• _EXERCISE AIM_: The line containing "#4=PRODUCT('Part','Part','',(#3));" marks the end: extract everything from the first line of the data through that line, exactly, with no pictures.

• _DATA PROVIDED_:

<<<<

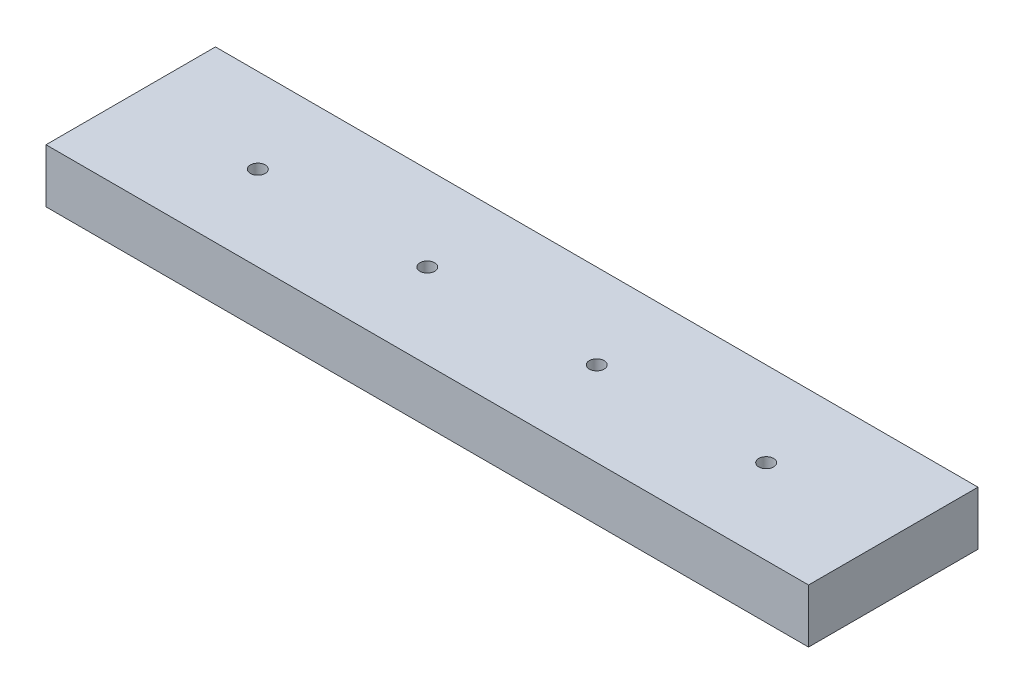
ISO-10303-21;
HEADER;
FILE_DESCRIPTION(('STEP AP214'),'2;1');
FILE_NAME('part.step','',(''),(''),'','','');
FILE_SCHEMA(('AUTOMOTIVE_DESIGN { 1 0 10303 214 1 1 1 1 }'));
ENDSEC;
DATA;
#1=APPLICATION_CONTEXT('core data for automotive mechanical design processes');
#2=APPLICATION_PROTOCOL_DEFINITION('international standard','automotive_design',2000,#1);
#3=PRODUCT_CONTEXT('',#1,'mechanical');
#4=PRODUCT('Part','Part','',(#3));
#5=PRODUCT_RELATED_PRODUCT_CATEGORY('part','',(#4));
#6=PRODUCT_DEFINITION_FORMATION('','',#4);
#7=PRODUCT_DEFINITION_CONTEXT('part definition',#1,'design');
#8=PRODUCT_DEFINITION('design','',#6,#7);
#9=PRODUCT_DEFINITION_SHAPE('','',#8);
#10=(LENGTH_UNIT() NAMED_UNIT(*) SI_UNIT(.MILLI.,.METRE.));
#11=(NAMED_UNIT(*) PLANE_ANGLE_UNIT() SI_UNIT($,.RADIAN.));
#12=(NAMED_UNIT(*) SI_UNIT($,.STERADIAN.) SOLID_ANGLE_UNIT());
#13=UNCERTAINTY_MEASURE_WITH_UNIT(LENGTH_MEASURE(1.E-05),#10,'distance_accuracy_value','');
#14=(GEOMETRIC_REPRESENTATION_CONTEXT(3) GLOBAL_UNCERTAINTY_ASSIGNED_CONTEXT((#13)) GLOBAL_UNIT_ASSIGNED_CONTEXT((#10,
#11,#12)) REPRESENTATION_CONTEXT('',''));
#15=CARTESIAN_POINT('',(0.,0.,0.));
#16=DIRECTION('',(0.,0.,1.));
#17=DIRECTION('',(1.,0.,0.));
#18=AXIS2_PLACEMENT_3D('',#15,#16,#17);
#19=CARTESIAN_POINT('',(-45.,6.35,10.));
#20=DIRECTION('',(1.,0.,0.));
#21=DIRECTION('',(0.,0.,-1.));
#22=AXIS2_PLACEMENT_3D('',#19,#20,#21);
#23=PLANE('',#22);
#24=DIRECTION('',(0.,0.,1.));
#25=VECTOR('',#24,1.);
#26=CARTESIAN_POINT('',(-45.,0.,10.));
#27=LINE('',#26,#25);
#28=CARTESIAN_POINT('',(-45.,0.,-9.99999999999999));
#29=VERTEX_POINT('',#28);
#30=CARTESIAN_POINT('',(-45.,0.,10.));
#31=VERTEX_POINT('',#30);
#32=EDGE_CURVE('E96',#29,#31,#27,.T.);
#33=ORIENTED_EDGE('',*,*,#32,.T.);
#34=DIRECTION('',(0.,-1.,0.));
#35=VECTOR('',#34,1.);
#36=CARTESIAN_POINT('',(-45.,6.35,10.));
#37=LINE('',#36,#35);
#38=CARTESIAN_POINT('',(-45.,6.35,10.));
#39=VERTEX_POINT('',#38);
#40=EDGE_CURVE('E11',#39,#31,#37,.T.);
#41=ORIENTED_EDGE('',*,*,#40,.F.);
#42=DIRECTION('',(0.,0.,1.));
#43=VECTOR('',#42,1.);
#44=CARTESIAN_POINT('',(-45.,6.35,10.));
#45=LINE('',#44,#43);
#46=CARTESIAN_POINT('',(-45.,6.35,-9.99999999999999));
#47=VERTEX_POINT('',#46);
#48=EDGE_CURVE('E84',#47,#39,#45,.T.);
#49=ORIENTED_EDGE('',*,*,#48,.F.);
#50=DIRECTION('',(0.,-1.,0.));
#51=VECTOR('',#50,1.);
#52=CARTESIAN_POINT('',(-45.,6.35,-9.99999999999999));
#53=LINE('',#52,#51);
#54=EDGE_CURVE('E92',#47,#29,#53,.T.);
#55=ORIENTED_EDGE('',*,*,#54,.T.);
#56=EDGE_LOOP('',(#33,#41,#49,#55));
#57=FACE_BOUND('',#56,.T.);
#58=ADVANCED_FACE('F33',(#57),#23,.F.);
#59=CARTESIAN_POINT('',(45.,6.35,9.99999999999999));
#60=DIRECTION('',(0.,0.,-1.));
#61=DIRECTION('',(-1.,0.,0.));
#62=AXIS2_PLACEMENT_3D('',#59,#60,#61);
#63=PLANE('',#62);
#64=DIRECTION('',(1.,0.,0.));
#65=VECTOR('',#64,1.);
#66=CARTESIAN_POINT('',(45.,0.,9.99999999999999));
#67=LINE('',#66,#65);
#68=CARTESIAN_POINT('',(45.,0.,9.99999999999999));
#69=VERTEX_POINT('',#68);
#70=EDGE_CURVE('E88',#31,#69,#67,.T.);
#71=ORIENTED_EDGE('',*,*,#70,.T.);
#72=DIRECTION('',(0.,-1.,0.));
#73=VECTOR('',#72,1.);
#74=CARTESIAN_POINT('',(45.,6.35,9.99999999999999));
#75=LINE('',#74,#73);
#76=CARTESIAN_POINT('',(45.,6.35,9.99999999999999));
#77=VERTEX_POINT('',#76);
#78=EDGE_CURVE('E41',#77,#69,#75,.T.);
#79=ORIENTED_EDGE('',*,*,#78,.F.);
#80=DIRECTION('',(1.,0.,0.));
#81=VECTOR('',#80,1.);
#82=CARTESIAN_POINT('',(45.,6.35,9.99999999999999));
#83=LINE('',#82,#81);
#84=EDGE_CURVE('E79',#39,#77,#83,.T.);
#85=ORIENTED_EDGE('',*,*,#84,.F.);
#86=ORIENTED_EDGE('',*,*,#40,.T.);
#87=EDGE_LOOP('',(#71,#79,#85,#86));
#88=FACE_BOUND('',#87,.T.);
#89=ADVANCED_FACE('F87',(#88),#63,.F.);
#90=CARTESIAN_POINT('',(45.,6.35,9.99999999999999));
#91=DIRECTION('',(-1.,0.,0.));
#92=DIRECTION('',(0.,0.,1.));
#93=AXIS2_PLACEMENT_3D('',#90,#91,#92);
#94=PLANE('',#93);
#95=DIRECTION('',(0.,0.,-1.));
#96=VECTOR('',#95,1.);
#97=CARTESIAN_POINT('',(45.,0.,9.99999999999999));
#98=LINE('',#97,#96);
#99=CARTESIAN_POINT('',(45.,0.,-10.));
#100=VERTEX_POINT('',#99);
#101=EDGE_CURVE('E66',#69,#100,#98,.T.);
#102=ORIENTED_EDGE('',*,*,#101,.T.);
#103=DIRECTION('',(0.,-1.,0.));
#104=VECTOR('',#103,1.);
#105=CARTESIAN_POINT('',(45.,6.35,-10.));
#106=LINE('',#105,#104);
#107=CARTESIAN_POINT('',(45.,6.35,-10.));
#108=VERTEX_POINT('',#107);
#109=EDGE_CURVE('E89',#108,#100,#106,.T.);
#110=ORIENTED_EDGE('',*,*,#109,.F.);
#111=DIRECTION('',(0.,0.,-1.));
#112=VECTOR('',#111,1.);
#113=CARTESIAN_POINT('',(45.,6.35,9.99999999999999));
#114=LINE('',#113,#112);
#115=EDGE_CURVE('E82',#77,#108,#114,.T.);
#116=ORIENTED_EDGE('',*,*,#115,.F.);
#117=ORIENTED_EDGE('',*,*,#78,.T.);
#118=EDGE_LOOP('',(#102,#110,#116,#117));
#119=FACE_BOUND('',#118,.T.);
#120=ADVANCED_FACE('F90',(#119),#94,.F.);
#121=CARTESIAN_POINT('',(45.,6.35,-10.));
#122=DIRECTION('',(0.,0.,1.));
#123=DIRECTION('',(1.,0.,0.));
#124=AXIS2_PLACEMENT_3D('',#121,#122,#123);
#125=PLANE('',#124);
#126=DIRECTION('',(-1.,0.,0.));
#127=VECTOR('',#126,1.);
#128=CARTESIAN_POINT('',(45.,0.,-10.));
#129=LINE('',#128,#127);
#130=EDGE_CURVE('E72',#100,#29,#129,.T.);
#131=ORIENTED_EDGE('',*,*,#130,.T.);
#132=ORIENTED_EDGE('',*,*,#54,.F.);
#133=DIRECTION('',(-1.,0.,0.));
#134=VECTOR('',#133,1.);
#135=CARTESIAN_POINT('',(45.,6.35,-10.));
#136=LINE('',#135,#134);
#137=EDGE_CURVE('E49',#108,#47,#136,.T.);
#138=ORIENTED_EDGE('',*,*,#137,.F.);
#139=ORIENTED_EDGE('',*,*,#109,.T.);
#140=EDGE_LOOP('',(#131,#132,#138,#139));
#141=FACE_BOUND('',#140,.T.);
#142=ADVANCED_FACE('F104',(#141),#125,.F.);
#143=CARTESIAN_POINT('',(0.,6.35,0.));
#144=DIRECTION('',(0.,1.,0.));
#145=DIRECTION('',(0.,0.,1.));
#146=AXIS2_PLACEMENT_3D('',#143,#144,#145);
#147=PLANE('',#146);
#148=CARTESIAN_POINT('',(-30.,6.35,0.));
#149=DIRECTION('',(0.,1.,0.));
#150=DIRECTION('',(0.,0.,1.));
#151=AXIS2_PLACEMENT_3D('',#148,#149,#150);
#152=CIRCLE('',#151,0.875000000000001);
#153=CARTESIAN_POINT('',(-30.,6.35,0.874999999999994));
#154=VERTEX_POINT('',#153);
#155=EDGE_CURVE('E130',#154,#154,#152,.T.);
#156=ORIENTED_EDGE('',*,*,#155,.F.);
#157=EDGE_LOOP('',(#156));
#158=FACE_BOUND('',#157,.T.);
#159=CARTESIAN_POINT('',(-10.,6.35,0.));
#160=DIRECTION('',(0.,1.,0.));
#161=DIRECTION('',(0.,0.,1.));
#162=AXIS2_PLACEMENT_3D('',#159,#160,#161);
#163=CIRCLE('',#162,0.874999999999999);
#164=CARTESIAN_POINT('',(-10.,6.35,0.874999999999992));
#165=VERTEX_POINT('',#164);
#166=EDGE_CURVE('E124',#165,#165,#163,.T.);
#167=ORIENTED_EDGE('',*,*,#166,.F.);
#168=EDGE_LOOP('',(#167));
#169=FACE_BOUND('',#168,.T.);
#170=CARTESIAN_POINT('',(30.,6.35,0.));
#171=DIRECTION('',(0.,1.,0.));
#172=DIRECTION('',(0.,0.,1.));
#173=AXIS2_PLACEMENT_3D('',#170,#171,#172);
#174=CIRCLE('',#173,0.875000000000001);
#175=CARTESIAN_POINT('',(30.,6.35,0.874999999999987));
#176=VERTEX_POINT('',#175);
#177=EDGE_CURVE('E118',#176,#176,#174,.T.);
#178=ORIENTED_EDGE('',*,*,#177,.F.);
#179=EDGE_LOOP('',(#178));
#180=FACE_BOUND('',#179,.T.);
#181=CARTESIAN_POINT('',(10.,6.35,0.));
#182=DIRECTION('',(0.,1.,0.));
#183=DIRECTION('',(0.,0.,1.));
#184=AXIS2_PLACEMENT_3D('',#181,#182,#183);
#185=CIRCLE('',#184,0.874999999999999);
#186=CARTESIAN_POINT('',(10.,6.35,0.874999999999989));
#187=VERTEX_POINT('',#186);
#188=EDGE_CURVE('E112',#187,#187,#185,.T.);
#189=ORIENTED_EDGE('',*,*,#188,.F.);
#190=EDGE_LOOP('',(#189));
#191=FACE_BOUND('',#190,.T.);
#192=ORIENTED_EDGE('',*,*,#48,.T.);
#193=ORIENTED_EDGE('',*,*,#84,.T.);
#194=ORIENTED_EDGE('',*,*,#115,.T.);
#195=ORIENTED_EDGE('',*,*,#137,.T.);
#196=EDGE_LOOP('',(#192,#193,#194,#195));
#197=FACE_BOUND('',#196,.T.);
#198=ADVANCED_FACE('F80',(#158,#169,#180,#191,#197),#147,.T.);
#199=CARTESIAN_POINT('',(0.,0.,0.));
#200=DIRECTION('',(0.,1.,0.));
#201=DIRECTION('',(0.,0.,1.));
#202=AXIS2_PLACEMENT_3D('',#199,#200,#201);
#203=PLANE('',#202);
#204=CARTESIAN_POINT('',(-30.,0.,0.));
#205=DIRECTION('',(0.,1.,0.));
#206=DIRECTION('',(0.,0.,1.));
#207=AXIS2_PLACEMENT_3D('',#204,#205,#206);
#208=CIRCLE('',#207,0.874999999999997);
#209=CARTESIAN_POINT('',(-30.,0.,0.87499999999999));
#210=VERTEX_POINT('',#209);
#211=EDGE_CURVE('E127',#210,#210,#208,.T.);
#212=ORIENTED_EDGE('',*,*,#211,.T.);
#213=EDGE_LOOP('',(#212));
#214=FACE_BOUND('',#213,.T.);
#215=CARTESIAN_POINT('',(-10.,0.,0.));
#216=DIRECTION('',(0.,1.,0.));
#217=DIRECTION('',(0.,0.,1.));
#218=AXIS2_PLACEMENT_3D('',#215,#216,#217);
#219=CIRCLE('',#218,0.874999999999999);
#220=CARTESIAN_POINT('',(-10.,0.,0.874999999999992));
#221=VERTEX_POINT('',#220);
#222=EDGE_CURVE('E121',#221,#221,#219,.T.);
#223=ORIENTED_EDGE('',*,*,#222,.T.);
#224=EDGE_LOOP('',(#223));
#225=FACE_BOUND('',#224,.T.);
#226=CARTESIAN_POINT('',(30.,0.,0.));
#227=DIRECTION('',(0.,1.,0.));
#228=DIRECTION('',(0.,0.,1.));
#229=AXIS2_PLACEMENT_3D('',#226,#227,#228);
#230=CIRCLE('',#229,0.874999999999997);
#231=CARTESIAN_POINT('',(30.,0.,0.874999999999983));
#232=VERTEX_POINT('',#231);
#233=EDGE_CURVE('E115',#232,#232,#230,.T.);
#234=ORIENTED_EDGE('',*,*,#233,.T.);
#235=EDGE_LOOP('',(#234));
#236=FACE_BOUND('',#235,.T.);
#237=CARTESIAN_POINT('',(10.,0.,0.));
#238=DIRECTION('',(0.,1.,0.));
#239=DIRECTION('',(0.,0.,1.));
#240=AXIS2_PLACEMENT_3D('',#237,#238,#239);
#241=CIRCLE('',#240,0.874999999999999);
#242=CARTESIAN_POINT('',(10.,0.,0.874999999999989));
#243=VERTEX_POINT('',#242);
#244=EDGE_CURVE('E99',#243,#243,#241,.T.);
#245=ORIENTED_EDGE('',*,*,#244,.T.);
#246=EDGE_LOOP('',(#245));
#247=FACE_BOUND('',#246,.T.);
#248=ORIENTED_EDGE('',*,*,#32,.F.);
#249=ORIENTED_EDGE('',*,*,#130,.F.);
#250=ORIENTED_EDGE('',*,*,#101,.F.);
#251=ORIENTED_EDGE('',*,*,#70,.F.);
#252=EDGE_LOOP('',(#248,#249,#250,#251));
#253=FACE_BOUND('',#252,.T.);
#254=ADVANCED_FACE('F107',(#214,#225,#236,#247,#253),#203,.F.);
#255=CARTESIAN_POINT('',(10.,6.35,0.));
#256=DIRECTION('',(0.,1.,0.));
#257=DIRECTION('',(0.,0.,1.));
#258=AXIS2_PLACEMENT_3D('',#255,#256,#257);
#259=CYLINDRICAL_SURFACE('',#258,0.874999999999999);
#260=ORIENTED_EDGE('',*,*,#244,.F.);
#261=EDGE_LOOP('',(#260));
#262=FACE_BOUND('',#261,.T.);
#263=ORIENTED_EDGE('',*,*,#188,.T.);
#264=EDGE_LOOP('',(#263));
#265=FACE_BOUND('',#264,.T.);
#266=ADVANCED_FACE('F145',(#262,#265),#259,.F.);
#267=CARTESIAN_POINT('',(30.,6.35,0.));
#268=DIRECTION('',(0.,1.,0.));
#269=DIRECTION('',(0.,0.,1.));
#270=AXIS2_PLACEMENT_3D('',#267,#268,#269);
#271=CYLINDRICAL_SURFACE('',#270,0.874999999999999);
#272=ORIENTED_EDGE('',*,*,#233,.F.);
#273=EDGE_LOOP('',(#272));
#274=FACE_BOUND('',#273,.T.);
#275=ORIENTED_EDGE('',*,*,#177,.T.);
#276=EDGE_LOOP('',(#275));
#277=FACE_BOUND('',#276,.T.);
#278=ADVANCED_FACE('F147',(#274,#277),#271,.F.);
#279=CARTESIAN_POINT('',(-10.,6.35,0.));
#280=DIRECTION('',(0.,1.,0.));
#281=DIRECTION('',(0.,0.,1.));
#282=AXIS2_PLACEMENT_3D('',#279,#280,#281);
#283=CYLINDRICAL_SURFACE('',#282,0.874999999999999);
#284=ORIENTED_EDGE('',*,*,#222,.F.);
#285=EDGE_LOOP('',(#284));
#286=FACE_BOUND('',#285,.T.);
#287=ORIENTED_EDGE('',*,*,#166,.T.);
#288=EDGE_LOOP('',(#287));
#289=FACE_BOUND('',#288,.T.);
#290=ADVANCED_FACE('F154',(#286,#289),#283,.F.);
#291=CARTESIAN_POINT('',(-30.,6.35,0.));
#292=DIRECTION('',(0.,1.,0.));
#293=DIRECTION('',(0.,0.,1.));
#294=AXIS2_PLACEMENT_3D('',#291,#292,#293);
#295=CYLINDRICAL_SURFACE('',#294,0.874999999999999);
#296=ORIENTED_EDGE('',*,*,#211,.F.);
#297=EDGE_LOOP('',(#296));
#298=FACE_BOUND('',#297,.T.);
#299=ORIENTED_EDGE('',*,*,#155,.T.);
#300=EDGE_LOOP('',(#299));
#301=FACE_BOUND('',#300,.T.);
#302=ADVANCED_FACE('F134',(#298,#301),#295,.F.);
#303=CLOSED_SHELL('',(#58,#89,#120,#142,#198,#254,#266,#278,#290,#302));
#304=MANIFOLD_SOLID_BREP('B2',#303);
#305=ADVANCED_BREP_SHAPE_REPRESENTATION('',(#18,#304),#14);
#306=SHAPE_DEFINITION_REPRESENTATION(#9,#305);
ENDSEC;
END-ISO-10303-21;

>>>>

• _YOUR SOLUTION_:
ISO-10303-21;
HEADER;
FILE_DESCRIPTION(('STEP AP214'),'2;1');
FILE_NAME('part.step','',(''),(''),'','','');
FILE_SCHEMA(('AUTOMOTIVE_DESIGN { 1 0 10303 214 1 1 1 1 }'));
ENDSEC;
DATA;
#1=APPLICATION_CONTEXT('core data for automotive mechanical design processes');
#2=APPLICATION_PROTOCOL_DEFINITION('international standard','automotive_design',2000,#1);
#3=PRODUCT_CONTEXT('',#1,'mechanical');
#4=PRODUCT('Part','Part','',(#3));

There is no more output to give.